# HttpClient - Senden via Post



## Tomate_Salat (7. Apr 2009)

Hi @ all,

ich bin derzeit dabei ein Tool zu entwickeln, mit dem ich NewsEinträge an eine Seite senden kann und diese dort gespeicher werden. Dabei dient ein PHP-Script als Server.
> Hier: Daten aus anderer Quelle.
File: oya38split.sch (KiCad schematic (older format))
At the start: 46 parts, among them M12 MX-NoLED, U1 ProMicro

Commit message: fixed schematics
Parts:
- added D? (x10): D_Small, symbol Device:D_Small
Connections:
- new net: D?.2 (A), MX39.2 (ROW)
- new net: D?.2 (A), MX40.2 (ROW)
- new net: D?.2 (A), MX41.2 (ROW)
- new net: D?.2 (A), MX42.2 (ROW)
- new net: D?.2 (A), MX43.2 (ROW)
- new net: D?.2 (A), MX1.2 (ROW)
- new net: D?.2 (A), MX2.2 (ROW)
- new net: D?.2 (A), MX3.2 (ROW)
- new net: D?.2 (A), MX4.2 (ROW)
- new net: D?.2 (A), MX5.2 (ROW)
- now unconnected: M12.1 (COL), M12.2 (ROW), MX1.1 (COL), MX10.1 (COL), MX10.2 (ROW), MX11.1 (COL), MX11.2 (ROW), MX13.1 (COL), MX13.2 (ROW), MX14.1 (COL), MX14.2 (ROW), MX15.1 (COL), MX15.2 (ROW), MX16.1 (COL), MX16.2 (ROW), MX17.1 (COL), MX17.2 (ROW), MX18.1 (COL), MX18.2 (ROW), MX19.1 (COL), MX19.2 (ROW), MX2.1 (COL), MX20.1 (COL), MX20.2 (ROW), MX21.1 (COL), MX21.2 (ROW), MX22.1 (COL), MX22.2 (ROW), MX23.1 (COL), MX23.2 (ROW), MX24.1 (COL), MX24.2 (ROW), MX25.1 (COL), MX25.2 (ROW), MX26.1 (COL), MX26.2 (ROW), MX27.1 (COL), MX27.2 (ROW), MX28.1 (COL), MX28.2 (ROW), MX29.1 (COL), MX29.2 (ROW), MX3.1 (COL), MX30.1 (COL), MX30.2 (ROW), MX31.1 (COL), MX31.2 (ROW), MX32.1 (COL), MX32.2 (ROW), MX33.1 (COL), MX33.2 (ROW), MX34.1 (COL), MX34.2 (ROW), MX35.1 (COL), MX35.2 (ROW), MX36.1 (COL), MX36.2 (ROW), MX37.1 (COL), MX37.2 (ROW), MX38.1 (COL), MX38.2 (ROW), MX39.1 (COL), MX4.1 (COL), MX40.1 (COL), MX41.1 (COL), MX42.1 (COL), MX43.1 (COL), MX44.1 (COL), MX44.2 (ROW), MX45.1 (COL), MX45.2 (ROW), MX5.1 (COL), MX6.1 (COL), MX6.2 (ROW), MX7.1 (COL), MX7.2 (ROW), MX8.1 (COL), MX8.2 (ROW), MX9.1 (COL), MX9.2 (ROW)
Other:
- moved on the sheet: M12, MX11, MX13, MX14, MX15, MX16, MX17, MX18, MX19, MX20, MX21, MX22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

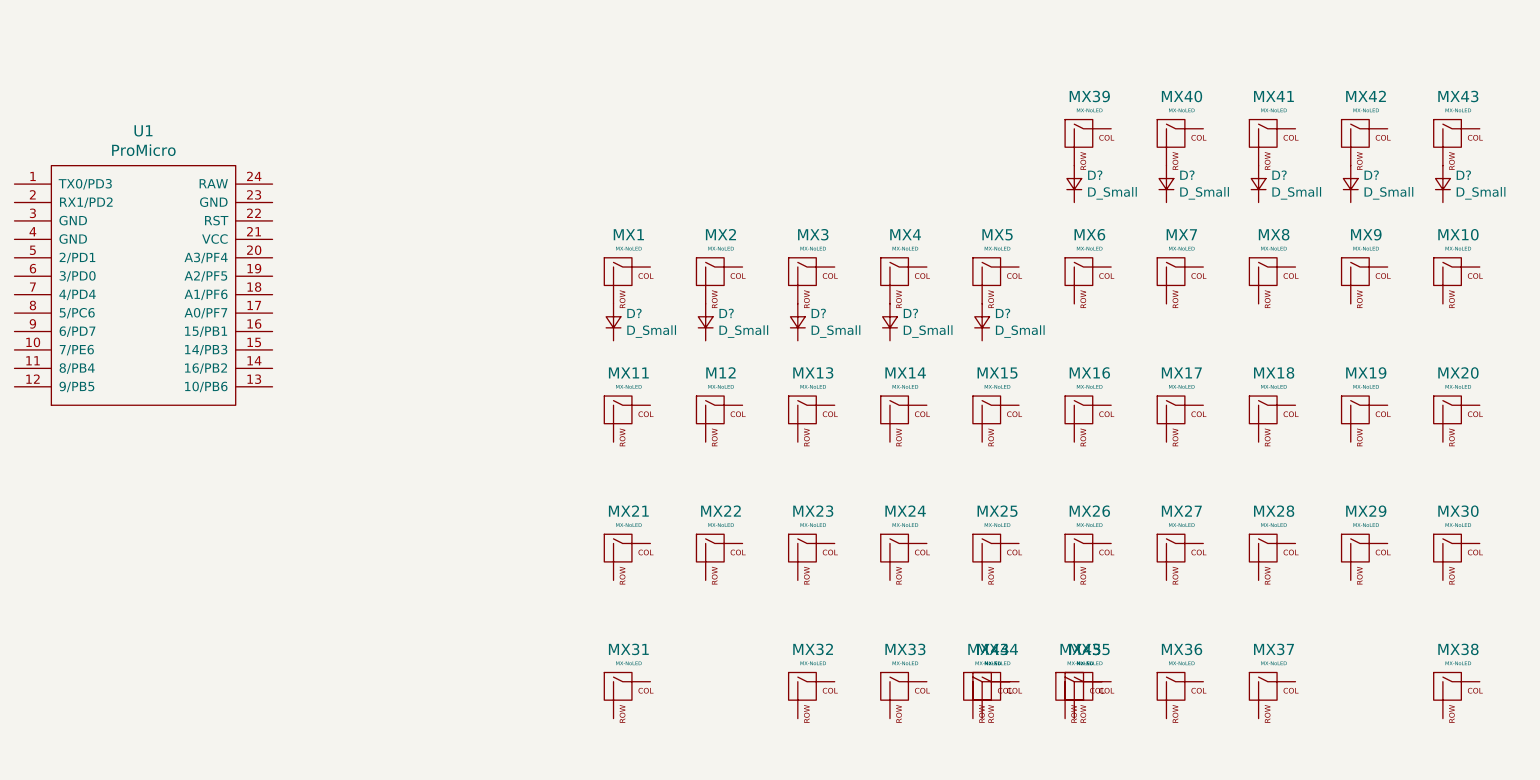
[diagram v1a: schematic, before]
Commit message: named diodes
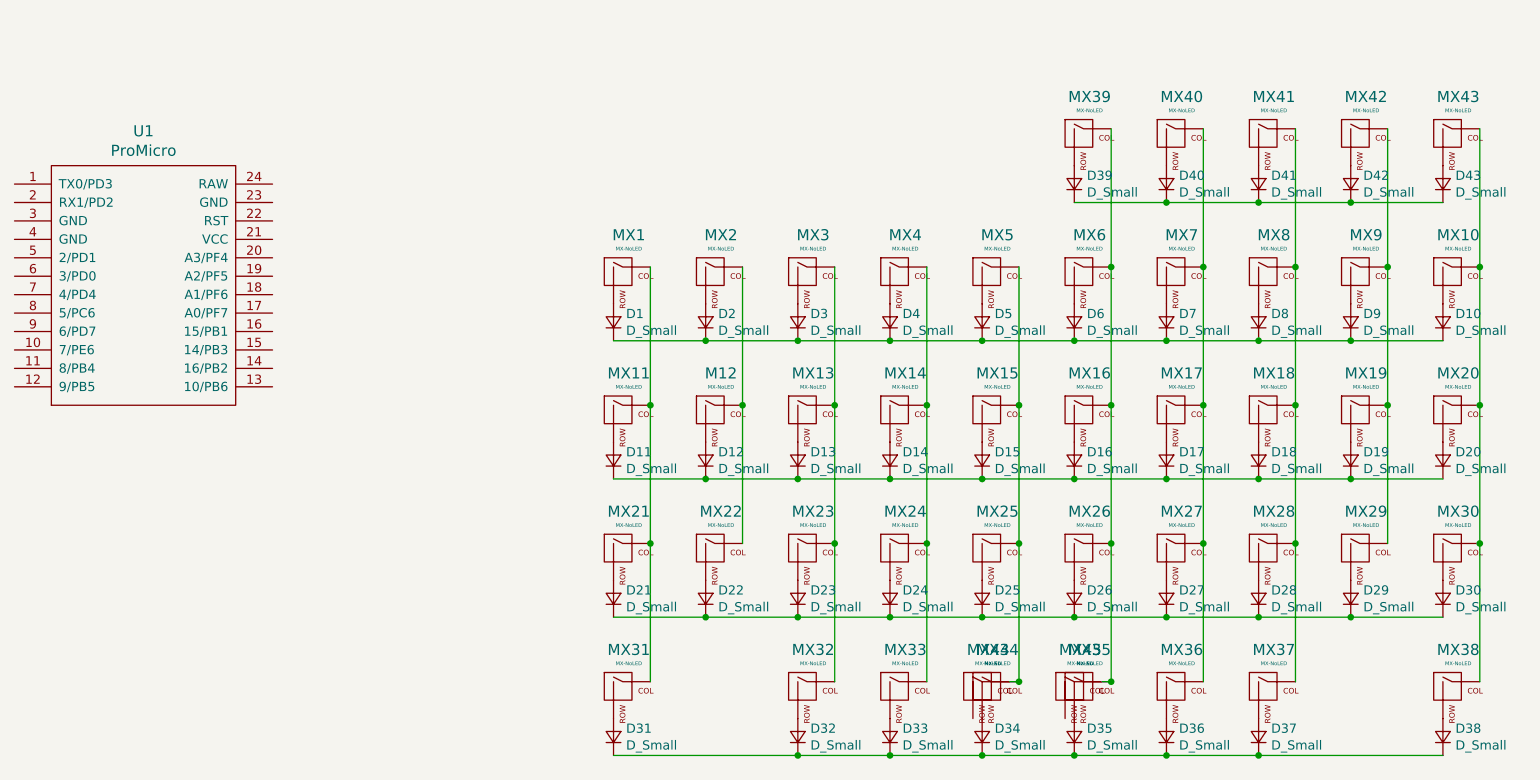
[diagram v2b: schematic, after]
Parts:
- added D10, D11, D12, D13, D14, D15, D16, D17, D18, D19, D20, D21, D22, D23, D24, D25, D26, D27, D28, D29, D30, D31, D32, D33, D34, D35, D36, D37, D38, D6, D7, D8, D9: D_Small, symbol Device:D_Small
- gave numbers to parts that had none: 10
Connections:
- net at MX39.1 (COL): now also MX16.1 (COL), MX26.1 (COL), MX35.1 (COL), MX45.1 (COL), MX6.1 (COL)
- net at MX40.1 (COL): now also MX17.1 (COL), MX27.1 (COL), MX36.1 (COL), MX7.1 (COL)
- net at MX41.1 (COL): now also MX18.1 (COL), MX28.1 (COL), MX37.1 (COL), MX8.1 (COL)
- net at MX42.1 (COL): now also MX19.1 (COL), MX29.1 (COL), MX9.1 (COL)
- net at MX43.1 (COL): now also MX10.1 (COL), MX20.1 (COL), MX30.1 (COL), MX38.1 (COL)
- net at MX1.1 (COL): now also MX11.1 (COL), MX21.1 (COL), MX31.1 (COL)
- net at MX2.1 (COL): now also M12.1 (COL), MX22.1 (COL)
- net at MX3.1 (COL): now also MX13.1 (COL), MX23.1 (COL), MX32.1 (COL)
- net at MX4.1 (COL): now also MX14.1 (COL), MX24.1 (COL), MX33.1 (COL)
- net at MX5.1 (COL): now also MX15.1 (COL), MX25.1 (COL), MX34.1 (COL), MX44.1 (COL)
- net at MX6.2 (ROW): now also D6.2 (A)
- net at MX7.2 (ROW): now also D7.2 (A)
- net at MX8.2 (ROW): now also D8.2 (A)
- net at MX9.2 (ROW): now also D9.2 (A)
- net at MX10.2 (ROW): now also D10.2 (A)
- net at MX11.2 (ROW): now also D11.2 (A)
- net at M12.2 (ROW): now also D12.2 (A)
- net at MX13.2 (ROW): now also D13.2 (A)
- net at MX14.2 (ROW): now also D14.2 (A)
- net at MX15.2 (ROW): now also D15.2 (A)
- net at MX16.2 (ROW): now also D16.2 (A)
- net at MX17.2 (ROW): now also D17.2 (A)
- net at MX18.2 (ROW): now also D18.2 (A)
- net at MX19.2 (ROW): now also D19.2 (A)
- net at MX20.2 (ROW): now also D20.2 (A)
- net at MX21.2 (ROW): now also D21.2 (A)
- net at MX22.2 (ROW): now also D22.2 (A)
- net at MX23.2 (ROW): now also D23.2 (A)
- net at MX24.2 (ROW): now also D24.2 (A)
- net at MX25.2 (ROW): now also D25.2 (A)
- net at MX26.2 (ROW): now also D26.2 (A)
- net at MX27.2 (ROW): now also D27.2 (A)
- net at MX28.2 (ROW): now also D28.2 (A)
- net at MX29.2 (ROW): now also D29.2 (A)
- net at MX30.2 (ROW): now also D30.2 (A)
- net at MX31.2 (ROW): now also D31.2 (A)
- net at MX33.2 (ROW): now also D33.2 (A)
- net at MX34.2 (ROW): now also D34.2 (A)
- net at MX35.2 (ROW): now also D35.2 (A)
- net at MX36.2 (ROW): now also D36.2 (A)
- net at MX38.2 (ROW): now also D38.2 (A)
- net at MX32.2 (ROW): now also D32.2 (A)
- net at MX37.2 (ROW): now also D37.2 (A)
- net at D39.1 (K): now also D40.1 (K), D41.1 (K), D42.1 (K), D43.1 (K)
- net at D1.1 (K): now also D2.1 (K), D3.1 (K), D4.1 (K), D5.1 (K), D10.1 (K), D6.1 (K), D7.1 (K), D8.1 (K), D9.1 (K)
- new net: D11.1 (K), D12.1 (K), D13.1 (K), D14.1 (K), D15.1 (K), D16.1 (K), D17.1 (K), D18.1 (K), D19.1 (K), D20.1 (K)
- new net: D21.1 (K), D22.1 (K), D23.1 (K), D24.1 (K), D25.1 (K), D26.1 (K), D27.1 (K), D28.1 (K), D29.1 (K), D30.1 (K)
- new net: D31.1 (K), D32.1 (K), D33.1 (K), D34.1 (K), D35.1 (K), D36.1 (K), D37.1 (K), D38.1 (K)

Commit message: added some of the schematics
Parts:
- D1, D10, D11, D12, D13, D14, D15, D16, D17, D18, D19, D2, D20, D21, D22, D23, D24, D25, D26, D27, D28, D29, D3, D30, D31, D32, D33, D34, D35, D36, D37, D38, D39, D4, D40, D41, D42, D43, D5, D6, D7, D8, D9: footprint (none) -> Diode_SMD:D_SOD-123
- M12, MX1, MX10, MX11, MX13, MX14, MX15, MX16, MX17, MX18, MX19, MX2, MX20, MX21, MX22, MX23, MX24, MX25, MX26, MX27, MX28, MX29, MX3, MX30, MX31, MX32, MX33, MX34, MX35, MX36, MX37, MX38, MX39, MX4, MX40, MX41, MX42, MX43, MX44, MX45, MX5, MX6, MX7, MX8, MX9: footprint (none) -> MX_Only:MXOnly-1U-NoLED

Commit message: added sch to pcb
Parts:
- D1, D10, D11, D12, D13, D14, D15, D16, D17, D18, D19, D2, D20, D21, D22, D23, D24, D25, D26, D27, D28, D29, D3, D30, D31, D32, D33, D34, D35, D36, D37, D38, D39, D4, D40, D41, D42, D43, D5, D6, D7, D8, D9: footprint Diode_SMD:D_SOD-123 -> kbd:D3_SMD_v2
- MX44, MX45: footprint MX_Only:MXOnly-1U-NoLED -> MX_Only:MXOnly-2U-ReversedStabilizers-NoLED
- U1: footprint (none) -> Keebio-Parts:ArduinoProMicro

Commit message: layout
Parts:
- renumbered M12 to MX12
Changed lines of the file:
@@
-$EndComp
-$Comp
-L MX_Alps_Hybrid:MX-NoLED M12
-U 1 1 6140893D
-P 6100 3850
-F 0 "M12" H 6133 4073 60  0000 C CNN
-F 1 "MX-NoLED" H 6133 3999 20  0000 C CNN
-F 2 "MX_Only:MXOnly-1U-NoLED" H 5475 3825 60  0001 C CNN
-F 3 "" H 5475 3825 60  0001 C CNN
-	1    6100 3850
-	1    0    0    -1
 $EndComp
 $Comp
@@
 	5750 4550 5750 5300
 Wire Wire Line
-	6250 3050 6250 3800
-Connection ~ 6250 3800
-Wire Wire Line
-	6250 3800 6250 4550
-Wire Wire Line
 	6750 3050 6750 3800
 Connection ~ 6750 3800
@@
 	0    -1   -1   0
 $EndComp
+Connection ~ 6250 3800
+Wire Wire Line
+	6250 3800 6250 4550
+Wire Wire Line
+	6250 3050 6250 3800
+$Comp
+L MX_Alps_Hybrid:MX-NoLED MX12
+U 1 1 6140893D
+P 6100 3850
+F 0 "MX12" H 6133 4073 60  0000 C CNN
+F 1 "MX-NoLED" H 6133 3999 20  0000 C CNN
+F 2 "MX_Only:MXOnly-1U-NoLED" H 5475 3825 60  0001 C CNN
+F 3 "" H 5475 3825 60  0001 C CNN
+	1    6100 3850
+	1    0    0    -1
+$EndComp
 $EndSCHEMATC

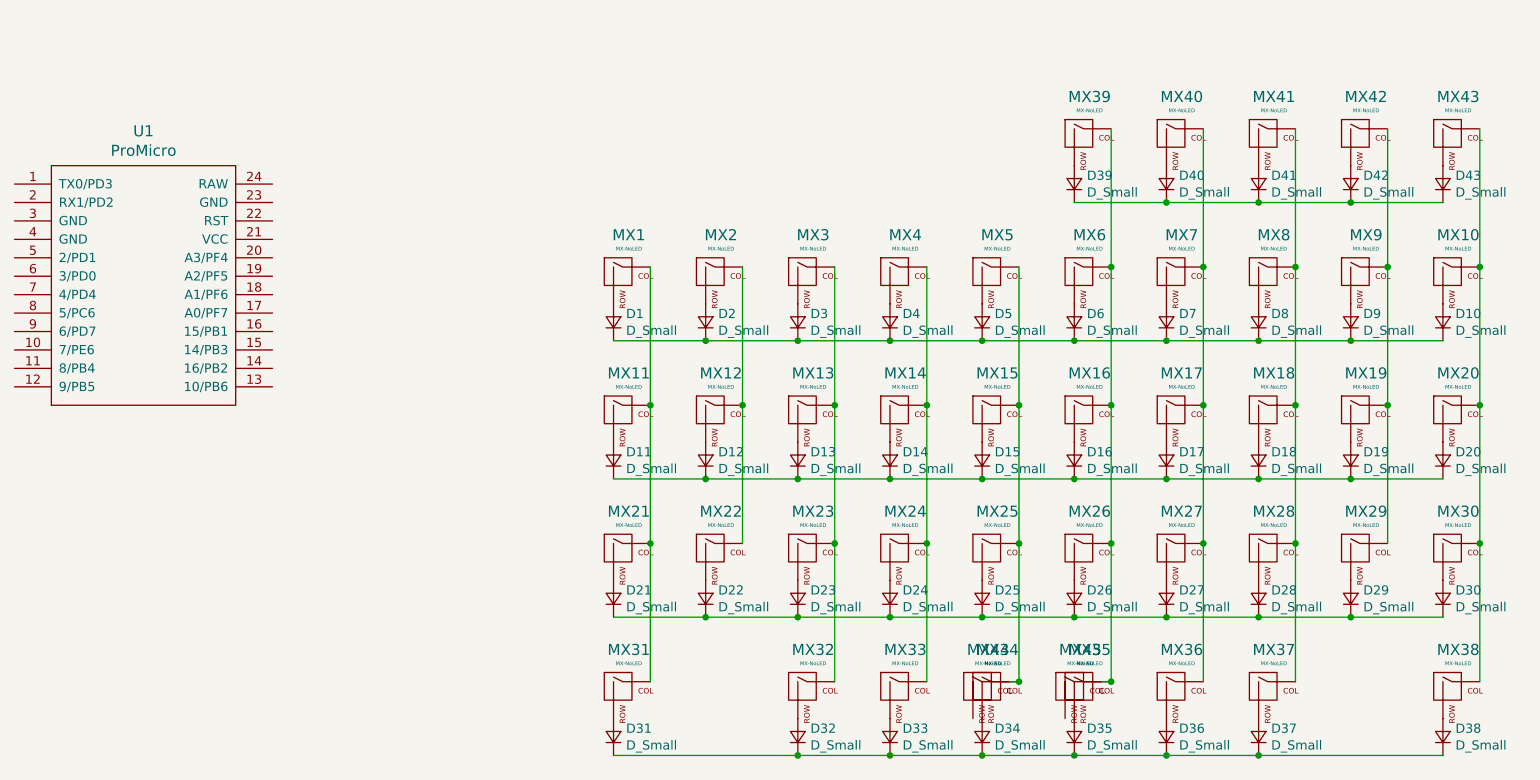
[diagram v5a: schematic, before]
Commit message: named col and rows
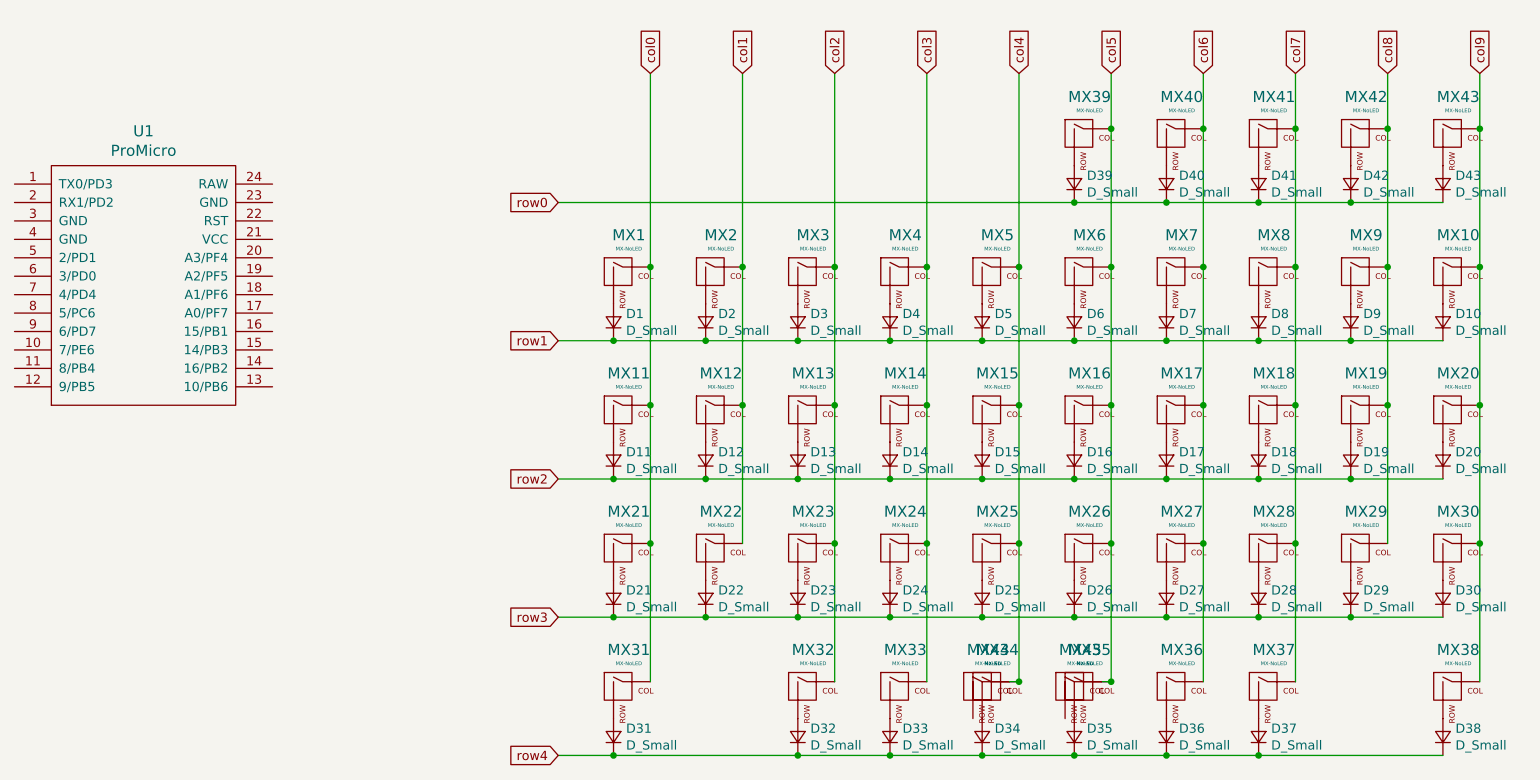
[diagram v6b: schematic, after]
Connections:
- net col5: now reaches MX16.1 (COL), MX26.1 (COL), MX35.1 (COL), MX39.1 (COL), MX45.1 (COL), MX6.1 (COL)
- net col6: now reaches MX17.1 (COL), MX27.1 (COL), MX36.1 (COL), MX40.1 (COL), MX7.1 (COL)
- net col7: now reaches MX18.1 (COL), MX28.1 (COL), MX37.1 (COL), MX41.1 (COL), MX8.1 (COL)
- net col8: now reaches MX19.1 (COL), MX29.1 (COL), MX42.1 (COL), MX9.1 (COL)
- net col9: now reaches MX10.1 (COL), MX20.1 (COL), MX30.1 (COL), MX38.1 (COL), MX43.1 (COL)
- net col0: now reaches MX1.1 (COL), MX11.1 (COL), MX21.1 (COL), MX31.1 (COL)
- net col1: now reaches MX12.1 (COL), MX2.1 (COL), MX22.1 (COL)
- net col2: now reaches MX13.1 (COL), MX23.1 (COL), MX3.1 (COL), MX32.1 (COL)
- net col3: now reaches MX14.1 (COL), MX24.1 (COL), MX33.1 (COL), MX4.1 (COL)
- net col4: now reaches MX15.1 (COL), MX25.1 (COL), MX34.1 (COL), MX44.1 (COL), MX5.1 (COL)
- net row0: now reaches D39.1 (K), D40.1 (K), D41.1 (K), D42.1 (K), D43.1 (K)
- net row1: now reaches D1.1 (K), D10.1 (K), D2.1 (K), D3.1 (K), D4.1 (K), D5.1 (K), D6.1 (K), D7.1 (K), D8.1 (K), D9.1 (K)
- net row2: now reaches D11.1 (K), D12.1 (K), D13.1 (K), D14.1 (K), D15.1 (K), D16.1 (K), D17.1 (K), D18.1 (K), D19.1 (K), D20.1 (K)
- net row3: now reaches D21.1 (K), D22.1 (K), D23.1 (K), D24.1 (K), D25.1 (K), D26.1 (K), D27.1 (K), D28.1 (K), D29.1 (K), D30.1 (K)
- net row4: now reaches D31.1 (K), D32.1 (K), D33.1 (K), D34.1 (K), D35.1 (K), D36.1 (K), D37.1 (K), D38.1 (K)
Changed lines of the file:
@@
 	1    0    0    -1
 $EndComp
+Wire Wire Line
+	10250 2300 10250 2000
+Connection ~ 10250 2300
+Wire Wire Line
+	9750 2300 9750 2000
+Connection ~ 9750 2300
+Wire Wire Line
+	9250 2300 9250 2000
+Connection ~ 9250 2300
+Wire Wire Line
+	8750 2300 8750 2000
+Connection ~ 8750 2300
+Wire Wire Line
+	8250 2300 8250 2000
+Connection ~ 8250 2300
+Wire Wire Line
+	5550 3450 5250 3450
+Connection ~ 5550 3450
+Wire Wire Line
+	5550 4200 5250 4200
+Connection ~ 5550 4200
+Wire Wire Line
+	5550 4950 5250 4950
+Connection ~ 5550 4950
+Wire Wire Line
+	5550 5700 5250 5700
+Connection ~ 5550 5700
+Wire Wire Line
+	7750 3050 7750 2000
+Connection ~ 7750 3050
+Wire Wire Line
+	7250 3050 7250 2000
+Connection ~ 7250 3050
+Wire Wire Line
+	6750 3050 6750 2000
+Connection ~ 6750 3050
+Wire Wire Line
+	6250 3050 6250 2000
+Connection ~ 6250 3050
+Wire Wire Line
+	5750 3050 5750 2000
+Connection ~ 5750 3050
+Wire Wire Line
+	8050 2700 5250 2700
+Connection ~ 8050 2700
+Text GLabel 5750 2000 1    50   Input ~ 0
+col0
+Text GLabel 6250 2000 1    50   Input ~ 0
+col1
+Text GLabel 6750 2000 1    50   Input ~ 0
+col2
+Text GLabel 7250 2000 1    50   Input ~ 0
+col3
+Text GLabel 7750 2000 1    50   Input ~ 0
+col4
+Text GLabel 8250 2000 1    50   Input ~ 0
+col5
+Text GLabel 8750 2000 1    50   Input ~ 0
+col6
+Text GLabel 9250 2000 1    50   Input ~ 0
+col7
+Text GLabel 9750 2000 1    50   Input ~ 0
+col8
+Text GLabel 10250 2000 1    50   Input ~ 0
+col9
+Text GLabel 5250 2700 0    50   Input ~ 0
+row0
+Text GLabel 5250 3450 0    50   Input ~ 0
+row1
+Text GLabel 5250 4200 0    50   Input ~ 0
+row2
+Text GLabel 5250 4950 0    50   Input ~ 0
+row3
+Text GLabel 5250 5700 0    50   Input ~ 0
+row4
 $EndSCHEMATC

Jetzt habe ich das die ganze Zeit über die GET-Methode geregelt, diese macht aber alles umständlich!

Jetzt habe ich mir, weil ich es in einem Post hier gelesen habe, den HTTP-Client von Appache geladen, weil es damit glaub am einfachsten gehen soll. 

Wie könnte ich jetzt beispielsweise einen Post mit dem index "titel" und dem inhalt "testeintrag" an die adresse:
http://meinserver.de/news.php?id=123885892&do=erstellen&user=admin
senden?

MFG und Danke schonmal

Tomate_Salat


----------



## faetzminator (7. Apr 2009)

Hypertext Transfer Protocol ? Wikipedia
Bei Fragen zu Protokollen bildet WP meistens eine gute Grunlage


----------



## Tomate_Salat (7. Apr 2009)

Ähm, ich weis wozu die POST-Methode gut ist. Mir geht darum: wie kann ich es mit Java etwas via POST-Methode versenden?


----------



## faetzminator (7. Apr 2009)

es geht nicht darum ob sie gut ist, sondern wie es inhaltlich aussieht... (mir fällt gerade keine gute HTTP lib ein, und ein HTTP Header ist mit wenig Code von Hand geschrieben)
und ansonsten: new Socket("http://domain.com", 80);

EDIT: ah, hab wohl eine Zeile überlesen, aber was hat mir Google als erstes Ergebnis geliefert? HttpClient - Post Method


----------



## Tomate_Salat (7. Apr 2009)

Da war ich schon, damit hab ich ja meine Probleme


Tomate_Salat hat gesagt.:


> (...)den HTTP-Client von Appache geladen, weil es damit glaub am einfachsten gehen soll.(...)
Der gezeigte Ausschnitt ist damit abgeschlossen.